Finley, Masys, and Breitenstein all predict that the new generation of tech-savvy patients, with a symbiotic mindset, will start demanding access to a variety of these decision-support tools as well.
Masys says, in the short term, large organizations that offer their data-driven information to patients via patient portals will likely have a leg up on those that don’t, but the federal push to adopt EHRs will close that gap, especially as providers meet meaningful use thresholds for stimulus funding. Already, he says, NIH-funded research is showing promise in the eMERGE Network run by Vanderbilt and five research partners.
“Those five institutions have found that even though they have wildly different designs for their EMRs, they’ve been able to reuse each other’s phenotype definitions with very little adaptation,” he says. “The focus isn’t really rigidly on the data model as long as there’s an ability to do data mining from both structured and unstructured sources. So that’s a very promising harbinger of interoperability.”

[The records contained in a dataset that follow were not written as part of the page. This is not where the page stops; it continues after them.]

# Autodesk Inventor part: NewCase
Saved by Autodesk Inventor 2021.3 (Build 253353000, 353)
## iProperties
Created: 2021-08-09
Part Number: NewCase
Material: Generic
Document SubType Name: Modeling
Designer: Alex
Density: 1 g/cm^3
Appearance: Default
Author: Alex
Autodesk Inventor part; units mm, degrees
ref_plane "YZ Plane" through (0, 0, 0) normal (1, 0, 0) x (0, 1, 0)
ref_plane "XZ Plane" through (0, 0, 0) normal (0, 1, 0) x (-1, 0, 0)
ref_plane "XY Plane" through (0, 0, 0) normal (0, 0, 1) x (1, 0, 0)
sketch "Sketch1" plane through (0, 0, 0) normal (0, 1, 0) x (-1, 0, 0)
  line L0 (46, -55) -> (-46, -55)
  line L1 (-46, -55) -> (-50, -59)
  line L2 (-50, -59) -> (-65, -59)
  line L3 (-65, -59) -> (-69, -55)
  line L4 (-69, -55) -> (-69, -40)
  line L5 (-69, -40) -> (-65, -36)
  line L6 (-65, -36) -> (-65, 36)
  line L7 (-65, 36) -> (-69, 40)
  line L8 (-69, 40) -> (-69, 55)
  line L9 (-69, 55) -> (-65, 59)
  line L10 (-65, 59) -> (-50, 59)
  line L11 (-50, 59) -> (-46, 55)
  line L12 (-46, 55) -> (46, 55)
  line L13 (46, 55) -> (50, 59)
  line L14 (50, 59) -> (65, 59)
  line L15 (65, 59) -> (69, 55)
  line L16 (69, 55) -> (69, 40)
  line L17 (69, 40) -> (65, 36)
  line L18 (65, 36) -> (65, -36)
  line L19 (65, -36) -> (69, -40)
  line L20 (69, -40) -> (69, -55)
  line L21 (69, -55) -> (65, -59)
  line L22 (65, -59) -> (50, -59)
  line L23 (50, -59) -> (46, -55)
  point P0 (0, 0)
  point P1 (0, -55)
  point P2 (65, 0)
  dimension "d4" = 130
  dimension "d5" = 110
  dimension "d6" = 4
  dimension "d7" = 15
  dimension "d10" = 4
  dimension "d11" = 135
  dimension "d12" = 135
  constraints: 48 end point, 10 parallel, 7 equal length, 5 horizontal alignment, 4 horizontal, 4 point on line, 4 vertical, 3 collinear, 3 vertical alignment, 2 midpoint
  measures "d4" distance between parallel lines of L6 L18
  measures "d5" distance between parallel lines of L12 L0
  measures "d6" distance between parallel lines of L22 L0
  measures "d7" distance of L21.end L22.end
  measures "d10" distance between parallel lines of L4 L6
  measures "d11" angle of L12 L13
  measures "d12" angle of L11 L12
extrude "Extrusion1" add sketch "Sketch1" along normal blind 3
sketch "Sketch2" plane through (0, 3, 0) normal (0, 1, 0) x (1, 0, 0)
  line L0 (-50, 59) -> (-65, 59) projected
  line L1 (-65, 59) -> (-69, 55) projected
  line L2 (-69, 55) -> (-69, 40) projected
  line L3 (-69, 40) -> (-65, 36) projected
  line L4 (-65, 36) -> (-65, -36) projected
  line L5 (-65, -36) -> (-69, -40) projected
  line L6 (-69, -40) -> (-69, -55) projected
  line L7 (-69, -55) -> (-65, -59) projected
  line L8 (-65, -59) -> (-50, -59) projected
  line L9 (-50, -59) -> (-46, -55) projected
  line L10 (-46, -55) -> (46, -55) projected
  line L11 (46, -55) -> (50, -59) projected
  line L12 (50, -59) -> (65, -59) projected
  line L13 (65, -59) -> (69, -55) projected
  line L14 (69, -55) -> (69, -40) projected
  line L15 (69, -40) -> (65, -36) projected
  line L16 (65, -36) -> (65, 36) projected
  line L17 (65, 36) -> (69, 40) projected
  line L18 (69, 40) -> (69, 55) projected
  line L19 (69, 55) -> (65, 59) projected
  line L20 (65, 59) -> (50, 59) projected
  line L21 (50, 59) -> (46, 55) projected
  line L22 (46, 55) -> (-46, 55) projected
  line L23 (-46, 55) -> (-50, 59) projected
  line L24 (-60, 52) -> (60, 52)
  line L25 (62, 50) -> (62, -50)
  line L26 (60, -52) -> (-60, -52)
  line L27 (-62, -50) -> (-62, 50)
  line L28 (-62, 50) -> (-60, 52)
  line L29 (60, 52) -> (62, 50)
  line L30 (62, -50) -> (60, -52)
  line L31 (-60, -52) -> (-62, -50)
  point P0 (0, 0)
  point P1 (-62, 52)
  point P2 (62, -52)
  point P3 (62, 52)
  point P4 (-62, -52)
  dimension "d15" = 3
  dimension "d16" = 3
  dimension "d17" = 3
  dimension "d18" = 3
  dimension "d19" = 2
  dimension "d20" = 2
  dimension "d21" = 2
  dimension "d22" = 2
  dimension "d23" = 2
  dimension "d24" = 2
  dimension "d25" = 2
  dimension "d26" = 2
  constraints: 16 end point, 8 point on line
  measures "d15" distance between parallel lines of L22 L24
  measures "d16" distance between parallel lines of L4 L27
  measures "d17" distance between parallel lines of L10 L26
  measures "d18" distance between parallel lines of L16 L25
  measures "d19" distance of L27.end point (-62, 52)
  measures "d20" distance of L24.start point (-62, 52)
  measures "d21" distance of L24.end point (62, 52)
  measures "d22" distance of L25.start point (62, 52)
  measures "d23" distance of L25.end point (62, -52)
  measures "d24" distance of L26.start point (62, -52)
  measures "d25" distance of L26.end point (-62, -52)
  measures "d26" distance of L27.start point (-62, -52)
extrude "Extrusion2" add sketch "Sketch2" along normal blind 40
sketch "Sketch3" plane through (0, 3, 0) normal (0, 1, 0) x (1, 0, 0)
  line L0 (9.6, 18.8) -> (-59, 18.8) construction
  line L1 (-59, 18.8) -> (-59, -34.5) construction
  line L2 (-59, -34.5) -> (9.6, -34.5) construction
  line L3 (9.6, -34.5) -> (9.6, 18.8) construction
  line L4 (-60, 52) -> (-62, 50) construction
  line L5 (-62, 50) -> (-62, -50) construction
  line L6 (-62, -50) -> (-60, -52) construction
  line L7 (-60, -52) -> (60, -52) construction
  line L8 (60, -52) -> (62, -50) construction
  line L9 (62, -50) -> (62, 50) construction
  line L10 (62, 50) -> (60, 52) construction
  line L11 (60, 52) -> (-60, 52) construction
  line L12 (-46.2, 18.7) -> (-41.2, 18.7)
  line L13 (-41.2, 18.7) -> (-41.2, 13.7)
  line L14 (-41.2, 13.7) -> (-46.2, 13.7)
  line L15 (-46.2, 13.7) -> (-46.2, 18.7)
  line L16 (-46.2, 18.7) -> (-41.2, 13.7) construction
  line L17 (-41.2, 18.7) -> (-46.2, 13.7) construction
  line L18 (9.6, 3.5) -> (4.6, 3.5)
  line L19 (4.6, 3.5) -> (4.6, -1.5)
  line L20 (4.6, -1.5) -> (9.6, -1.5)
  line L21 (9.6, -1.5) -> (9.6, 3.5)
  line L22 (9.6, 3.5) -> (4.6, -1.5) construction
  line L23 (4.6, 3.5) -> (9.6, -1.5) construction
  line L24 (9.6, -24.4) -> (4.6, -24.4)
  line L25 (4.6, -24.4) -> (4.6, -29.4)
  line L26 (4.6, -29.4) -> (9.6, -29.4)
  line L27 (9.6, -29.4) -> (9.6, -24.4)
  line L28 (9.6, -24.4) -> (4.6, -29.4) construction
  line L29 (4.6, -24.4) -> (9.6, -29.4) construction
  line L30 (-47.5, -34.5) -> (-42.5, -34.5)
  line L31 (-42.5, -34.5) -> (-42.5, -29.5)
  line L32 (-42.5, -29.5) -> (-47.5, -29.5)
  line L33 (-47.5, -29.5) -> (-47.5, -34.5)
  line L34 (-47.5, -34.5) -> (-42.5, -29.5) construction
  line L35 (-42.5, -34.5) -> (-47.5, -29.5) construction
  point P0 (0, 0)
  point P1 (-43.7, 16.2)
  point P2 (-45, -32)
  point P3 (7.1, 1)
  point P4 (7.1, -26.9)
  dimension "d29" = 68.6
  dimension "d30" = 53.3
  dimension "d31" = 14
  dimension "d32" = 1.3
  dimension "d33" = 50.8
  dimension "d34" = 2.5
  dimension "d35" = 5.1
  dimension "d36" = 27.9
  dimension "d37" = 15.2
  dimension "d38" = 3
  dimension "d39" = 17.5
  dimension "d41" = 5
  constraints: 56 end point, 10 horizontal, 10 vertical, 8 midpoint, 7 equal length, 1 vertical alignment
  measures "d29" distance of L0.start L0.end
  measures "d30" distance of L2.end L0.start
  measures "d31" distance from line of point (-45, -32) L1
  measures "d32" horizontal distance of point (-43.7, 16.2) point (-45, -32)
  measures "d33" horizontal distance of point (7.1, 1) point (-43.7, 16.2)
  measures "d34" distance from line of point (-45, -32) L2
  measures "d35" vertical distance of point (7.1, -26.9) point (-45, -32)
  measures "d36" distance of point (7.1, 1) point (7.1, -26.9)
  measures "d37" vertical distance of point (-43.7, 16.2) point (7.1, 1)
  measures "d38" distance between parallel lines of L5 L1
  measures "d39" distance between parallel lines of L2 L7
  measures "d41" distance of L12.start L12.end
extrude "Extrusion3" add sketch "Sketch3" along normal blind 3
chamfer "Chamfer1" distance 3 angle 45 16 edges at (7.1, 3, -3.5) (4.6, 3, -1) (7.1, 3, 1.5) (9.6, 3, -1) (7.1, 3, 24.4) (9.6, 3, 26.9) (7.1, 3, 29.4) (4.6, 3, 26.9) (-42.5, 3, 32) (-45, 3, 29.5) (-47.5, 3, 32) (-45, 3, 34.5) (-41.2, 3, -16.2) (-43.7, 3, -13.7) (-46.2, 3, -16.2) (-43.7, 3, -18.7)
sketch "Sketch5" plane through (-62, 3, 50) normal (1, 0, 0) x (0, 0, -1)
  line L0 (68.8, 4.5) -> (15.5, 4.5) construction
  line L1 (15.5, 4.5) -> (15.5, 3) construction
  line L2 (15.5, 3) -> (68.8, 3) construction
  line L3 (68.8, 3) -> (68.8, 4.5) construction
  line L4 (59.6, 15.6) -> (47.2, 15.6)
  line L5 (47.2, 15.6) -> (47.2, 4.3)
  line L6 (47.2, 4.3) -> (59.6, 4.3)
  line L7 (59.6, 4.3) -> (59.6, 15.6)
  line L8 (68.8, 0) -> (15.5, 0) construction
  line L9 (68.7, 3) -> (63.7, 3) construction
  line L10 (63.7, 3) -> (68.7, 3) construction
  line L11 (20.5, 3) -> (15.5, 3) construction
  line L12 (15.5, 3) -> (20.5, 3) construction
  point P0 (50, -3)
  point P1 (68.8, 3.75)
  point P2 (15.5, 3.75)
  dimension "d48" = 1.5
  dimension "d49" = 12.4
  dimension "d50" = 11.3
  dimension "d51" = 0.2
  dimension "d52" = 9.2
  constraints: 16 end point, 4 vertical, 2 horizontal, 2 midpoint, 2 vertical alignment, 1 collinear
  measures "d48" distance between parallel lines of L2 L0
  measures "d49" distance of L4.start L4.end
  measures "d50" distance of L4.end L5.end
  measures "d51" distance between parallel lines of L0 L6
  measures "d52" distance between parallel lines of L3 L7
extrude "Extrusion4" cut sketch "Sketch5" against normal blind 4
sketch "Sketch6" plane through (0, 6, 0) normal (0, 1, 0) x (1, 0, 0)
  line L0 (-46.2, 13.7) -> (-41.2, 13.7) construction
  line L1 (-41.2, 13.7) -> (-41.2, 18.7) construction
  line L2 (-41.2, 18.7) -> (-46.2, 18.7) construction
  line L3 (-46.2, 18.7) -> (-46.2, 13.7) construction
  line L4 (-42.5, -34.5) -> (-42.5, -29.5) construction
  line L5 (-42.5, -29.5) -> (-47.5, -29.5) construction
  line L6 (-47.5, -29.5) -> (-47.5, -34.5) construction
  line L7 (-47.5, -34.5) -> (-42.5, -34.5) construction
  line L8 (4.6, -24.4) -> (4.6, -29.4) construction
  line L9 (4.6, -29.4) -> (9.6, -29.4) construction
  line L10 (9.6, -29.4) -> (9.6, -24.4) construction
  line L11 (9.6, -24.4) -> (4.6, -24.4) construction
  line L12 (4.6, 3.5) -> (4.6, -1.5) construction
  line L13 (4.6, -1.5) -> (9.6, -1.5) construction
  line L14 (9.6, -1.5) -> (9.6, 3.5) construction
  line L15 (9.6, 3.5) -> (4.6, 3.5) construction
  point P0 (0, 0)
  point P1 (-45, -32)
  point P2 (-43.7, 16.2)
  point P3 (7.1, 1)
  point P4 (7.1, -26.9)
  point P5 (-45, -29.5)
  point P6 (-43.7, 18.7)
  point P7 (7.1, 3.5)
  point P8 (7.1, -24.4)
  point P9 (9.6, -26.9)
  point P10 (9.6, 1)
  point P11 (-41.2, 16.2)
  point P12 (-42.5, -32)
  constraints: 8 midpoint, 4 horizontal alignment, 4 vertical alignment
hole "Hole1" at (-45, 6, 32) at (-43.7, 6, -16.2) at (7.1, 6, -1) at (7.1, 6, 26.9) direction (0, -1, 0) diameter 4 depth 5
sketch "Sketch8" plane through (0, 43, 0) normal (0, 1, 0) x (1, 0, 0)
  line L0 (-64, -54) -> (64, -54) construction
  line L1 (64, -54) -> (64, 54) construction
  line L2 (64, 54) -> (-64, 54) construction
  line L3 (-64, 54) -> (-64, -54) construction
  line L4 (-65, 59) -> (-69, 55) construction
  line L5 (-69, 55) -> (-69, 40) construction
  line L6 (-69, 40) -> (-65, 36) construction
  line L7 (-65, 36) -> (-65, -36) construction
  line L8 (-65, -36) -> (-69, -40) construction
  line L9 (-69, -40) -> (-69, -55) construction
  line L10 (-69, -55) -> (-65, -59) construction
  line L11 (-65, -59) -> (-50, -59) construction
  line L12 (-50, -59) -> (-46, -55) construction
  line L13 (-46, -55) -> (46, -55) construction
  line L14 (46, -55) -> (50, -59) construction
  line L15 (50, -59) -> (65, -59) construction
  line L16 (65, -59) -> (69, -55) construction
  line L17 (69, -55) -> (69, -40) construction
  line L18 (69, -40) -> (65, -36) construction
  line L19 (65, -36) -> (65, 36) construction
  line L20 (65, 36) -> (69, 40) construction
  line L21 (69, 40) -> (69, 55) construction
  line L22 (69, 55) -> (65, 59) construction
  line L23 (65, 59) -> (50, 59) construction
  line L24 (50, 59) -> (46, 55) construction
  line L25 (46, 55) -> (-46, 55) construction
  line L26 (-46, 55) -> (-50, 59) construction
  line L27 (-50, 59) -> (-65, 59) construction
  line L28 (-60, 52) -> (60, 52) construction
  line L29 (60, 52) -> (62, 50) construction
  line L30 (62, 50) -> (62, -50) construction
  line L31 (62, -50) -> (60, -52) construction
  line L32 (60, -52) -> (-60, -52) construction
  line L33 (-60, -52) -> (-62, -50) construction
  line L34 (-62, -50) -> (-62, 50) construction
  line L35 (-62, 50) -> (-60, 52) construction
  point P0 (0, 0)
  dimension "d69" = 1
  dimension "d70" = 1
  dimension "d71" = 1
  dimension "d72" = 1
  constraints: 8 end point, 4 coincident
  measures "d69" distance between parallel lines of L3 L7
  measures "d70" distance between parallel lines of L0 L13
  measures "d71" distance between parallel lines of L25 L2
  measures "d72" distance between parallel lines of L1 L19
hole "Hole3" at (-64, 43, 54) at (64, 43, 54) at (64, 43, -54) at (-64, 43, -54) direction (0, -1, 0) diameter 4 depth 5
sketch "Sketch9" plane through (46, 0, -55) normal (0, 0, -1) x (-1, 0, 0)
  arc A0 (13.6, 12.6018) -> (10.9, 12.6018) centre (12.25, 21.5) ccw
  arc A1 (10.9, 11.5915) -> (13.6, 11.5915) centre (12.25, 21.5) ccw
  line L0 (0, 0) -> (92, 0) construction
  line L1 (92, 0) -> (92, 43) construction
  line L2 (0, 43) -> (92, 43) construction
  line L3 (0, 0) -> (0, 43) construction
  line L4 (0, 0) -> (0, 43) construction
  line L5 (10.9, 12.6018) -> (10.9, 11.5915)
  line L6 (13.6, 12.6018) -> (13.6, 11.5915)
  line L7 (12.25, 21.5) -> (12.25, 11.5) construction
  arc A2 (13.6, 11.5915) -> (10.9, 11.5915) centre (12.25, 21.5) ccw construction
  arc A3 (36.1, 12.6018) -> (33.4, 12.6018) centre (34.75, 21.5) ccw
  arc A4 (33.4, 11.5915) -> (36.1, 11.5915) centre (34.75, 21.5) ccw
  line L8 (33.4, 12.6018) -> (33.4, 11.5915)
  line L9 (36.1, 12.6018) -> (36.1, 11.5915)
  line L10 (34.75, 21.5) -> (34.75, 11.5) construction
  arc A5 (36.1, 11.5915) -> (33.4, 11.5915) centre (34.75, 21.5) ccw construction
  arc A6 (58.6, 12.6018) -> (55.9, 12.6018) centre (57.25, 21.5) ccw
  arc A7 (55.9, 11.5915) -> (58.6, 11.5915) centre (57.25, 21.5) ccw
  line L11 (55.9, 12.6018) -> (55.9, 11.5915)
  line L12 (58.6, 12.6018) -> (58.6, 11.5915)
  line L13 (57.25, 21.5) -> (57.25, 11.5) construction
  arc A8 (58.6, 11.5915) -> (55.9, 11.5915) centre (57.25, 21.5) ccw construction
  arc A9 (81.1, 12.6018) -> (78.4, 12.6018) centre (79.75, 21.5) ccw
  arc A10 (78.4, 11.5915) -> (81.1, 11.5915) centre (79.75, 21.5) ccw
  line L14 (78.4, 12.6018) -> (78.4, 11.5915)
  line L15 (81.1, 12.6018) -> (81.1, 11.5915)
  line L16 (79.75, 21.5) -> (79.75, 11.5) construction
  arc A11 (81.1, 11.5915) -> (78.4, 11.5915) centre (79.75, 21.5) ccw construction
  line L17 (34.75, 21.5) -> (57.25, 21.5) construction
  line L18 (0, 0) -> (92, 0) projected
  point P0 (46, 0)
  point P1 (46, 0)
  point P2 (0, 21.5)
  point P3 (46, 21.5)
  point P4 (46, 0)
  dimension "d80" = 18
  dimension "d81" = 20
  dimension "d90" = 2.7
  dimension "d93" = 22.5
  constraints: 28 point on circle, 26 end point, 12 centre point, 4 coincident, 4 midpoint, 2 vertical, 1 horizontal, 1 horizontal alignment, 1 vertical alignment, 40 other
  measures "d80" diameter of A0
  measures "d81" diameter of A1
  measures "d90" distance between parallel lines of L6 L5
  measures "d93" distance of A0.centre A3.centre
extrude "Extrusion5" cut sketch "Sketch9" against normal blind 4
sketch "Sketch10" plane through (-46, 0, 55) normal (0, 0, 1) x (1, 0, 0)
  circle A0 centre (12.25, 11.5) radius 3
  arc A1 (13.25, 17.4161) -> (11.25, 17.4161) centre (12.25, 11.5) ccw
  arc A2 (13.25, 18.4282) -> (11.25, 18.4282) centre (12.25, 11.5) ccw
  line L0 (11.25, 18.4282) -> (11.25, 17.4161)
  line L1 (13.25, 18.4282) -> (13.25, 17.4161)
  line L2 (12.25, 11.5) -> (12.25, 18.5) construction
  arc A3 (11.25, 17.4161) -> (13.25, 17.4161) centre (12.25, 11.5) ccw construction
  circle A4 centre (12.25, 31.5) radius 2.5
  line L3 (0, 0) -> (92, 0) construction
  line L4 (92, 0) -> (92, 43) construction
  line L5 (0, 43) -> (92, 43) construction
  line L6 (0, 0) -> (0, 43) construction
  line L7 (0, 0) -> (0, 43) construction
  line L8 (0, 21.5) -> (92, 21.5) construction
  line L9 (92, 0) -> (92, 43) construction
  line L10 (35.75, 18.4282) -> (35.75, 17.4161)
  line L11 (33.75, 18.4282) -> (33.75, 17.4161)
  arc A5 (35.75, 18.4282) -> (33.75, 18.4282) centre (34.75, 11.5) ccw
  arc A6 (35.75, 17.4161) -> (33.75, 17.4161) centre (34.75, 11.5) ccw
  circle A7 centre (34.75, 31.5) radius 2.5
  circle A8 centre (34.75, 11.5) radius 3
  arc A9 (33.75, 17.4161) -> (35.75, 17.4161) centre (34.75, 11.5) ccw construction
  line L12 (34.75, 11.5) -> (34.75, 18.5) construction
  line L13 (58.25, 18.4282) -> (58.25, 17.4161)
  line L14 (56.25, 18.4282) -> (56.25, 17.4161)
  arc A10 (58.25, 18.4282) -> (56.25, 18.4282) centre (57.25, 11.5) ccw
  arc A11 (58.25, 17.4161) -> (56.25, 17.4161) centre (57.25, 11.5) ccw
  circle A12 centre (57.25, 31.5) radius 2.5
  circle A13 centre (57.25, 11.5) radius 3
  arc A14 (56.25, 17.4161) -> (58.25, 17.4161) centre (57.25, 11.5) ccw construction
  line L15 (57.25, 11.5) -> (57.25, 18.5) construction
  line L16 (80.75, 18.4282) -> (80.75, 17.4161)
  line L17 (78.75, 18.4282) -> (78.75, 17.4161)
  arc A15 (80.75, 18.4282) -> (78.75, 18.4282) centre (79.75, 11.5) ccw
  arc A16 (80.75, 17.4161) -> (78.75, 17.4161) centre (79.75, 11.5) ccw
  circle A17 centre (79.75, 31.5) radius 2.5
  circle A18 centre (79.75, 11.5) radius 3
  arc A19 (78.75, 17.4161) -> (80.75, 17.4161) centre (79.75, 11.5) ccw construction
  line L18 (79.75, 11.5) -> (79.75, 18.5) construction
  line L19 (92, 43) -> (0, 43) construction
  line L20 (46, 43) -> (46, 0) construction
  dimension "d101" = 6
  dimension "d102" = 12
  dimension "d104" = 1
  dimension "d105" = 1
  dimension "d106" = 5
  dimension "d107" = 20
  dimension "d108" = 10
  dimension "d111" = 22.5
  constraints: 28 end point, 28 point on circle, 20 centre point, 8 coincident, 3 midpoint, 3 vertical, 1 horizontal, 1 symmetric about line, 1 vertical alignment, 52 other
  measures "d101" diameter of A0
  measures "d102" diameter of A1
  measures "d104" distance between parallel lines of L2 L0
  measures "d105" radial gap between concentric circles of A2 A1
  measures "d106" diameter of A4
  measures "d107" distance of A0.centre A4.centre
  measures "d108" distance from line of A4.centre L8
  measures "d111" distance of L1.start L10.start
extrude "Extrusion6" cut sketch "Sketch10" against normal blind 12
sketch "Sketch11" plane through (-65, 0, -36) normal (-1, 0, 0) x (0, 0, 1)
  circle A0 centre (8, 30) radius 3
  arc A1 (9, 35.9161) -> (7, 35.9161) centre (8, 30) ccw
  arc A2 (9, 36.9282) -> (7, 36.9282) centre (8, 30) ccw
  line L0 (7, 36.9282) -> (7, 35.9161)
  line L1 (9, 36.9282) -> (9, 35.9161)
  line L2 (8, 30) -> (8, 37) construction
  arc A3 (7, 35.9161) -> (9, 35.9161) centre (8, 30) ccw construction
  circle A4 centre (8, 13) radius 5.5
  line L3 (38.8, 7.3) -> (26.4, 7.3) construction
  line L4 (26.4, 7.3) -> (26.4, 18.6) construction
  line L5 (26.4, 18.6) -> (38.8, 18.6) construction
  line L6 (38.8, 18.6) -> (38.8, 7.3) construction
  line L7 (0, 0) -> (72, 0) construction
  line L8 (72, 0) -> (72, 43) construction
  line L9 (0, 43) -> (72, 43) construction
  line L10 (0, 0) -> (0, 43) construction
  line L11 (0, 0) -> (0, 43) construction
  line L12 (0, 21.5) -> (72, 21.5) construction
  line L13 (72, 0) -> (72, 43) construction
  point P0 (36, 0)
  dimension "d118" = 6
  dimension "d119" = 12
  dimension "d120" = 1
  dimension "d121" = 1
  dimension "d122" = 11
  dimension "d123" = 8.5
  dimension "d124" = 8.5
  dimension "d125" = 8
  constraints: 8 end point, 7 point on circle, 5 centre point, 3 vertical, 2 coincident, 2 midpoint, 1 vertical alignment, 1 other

Ultimately, the holy grail of clinical data mining may not involve putting everything on a single presentation layer for providers and patients but rather deploying technologies that are analogous to a football playbook and game film, with the doctor serving as the coach and the patient as the fully involved athlete. The patient’s own longitudinal data and population-based data on similar patients could be offered as predictive possibilities, while a real-time dashboard such as Humedica’s would serve as a safeguard that the game plan was being carried out.
“If we could produce a consumer-friendly digest of your data relative to risk and could infer predictively against your record, that is much more useful information than being simply an aggregator of your data to shuttle back and forth,” Breitenstein says. “Helping people at the patient level in predictive analytics will be a real breakthrough because then the patient can be the real watchdog for themselves or their loved one.”
Such a product, she says, is not science fiction.
“Our MinedStream product is about going to the patient level and saying to the provider, ‘You have 17 patients walking in the door who are at risk for a bad outcome. These are the 15 things you should do, and you are off track on five of them.’
“I envision a day in the not terribly distant future where we provide a consumer version of that. The best advocate for the patient is the patient’s family,” Breitenstein adds. “They are the best insurance policy against somebody walking in without washing their hands or hanging seven bags of fluid and not monitoring output.”
— Greg Goth is a freelance journalist from Oakville, Conn., specializing in technology and healthcare policy issues.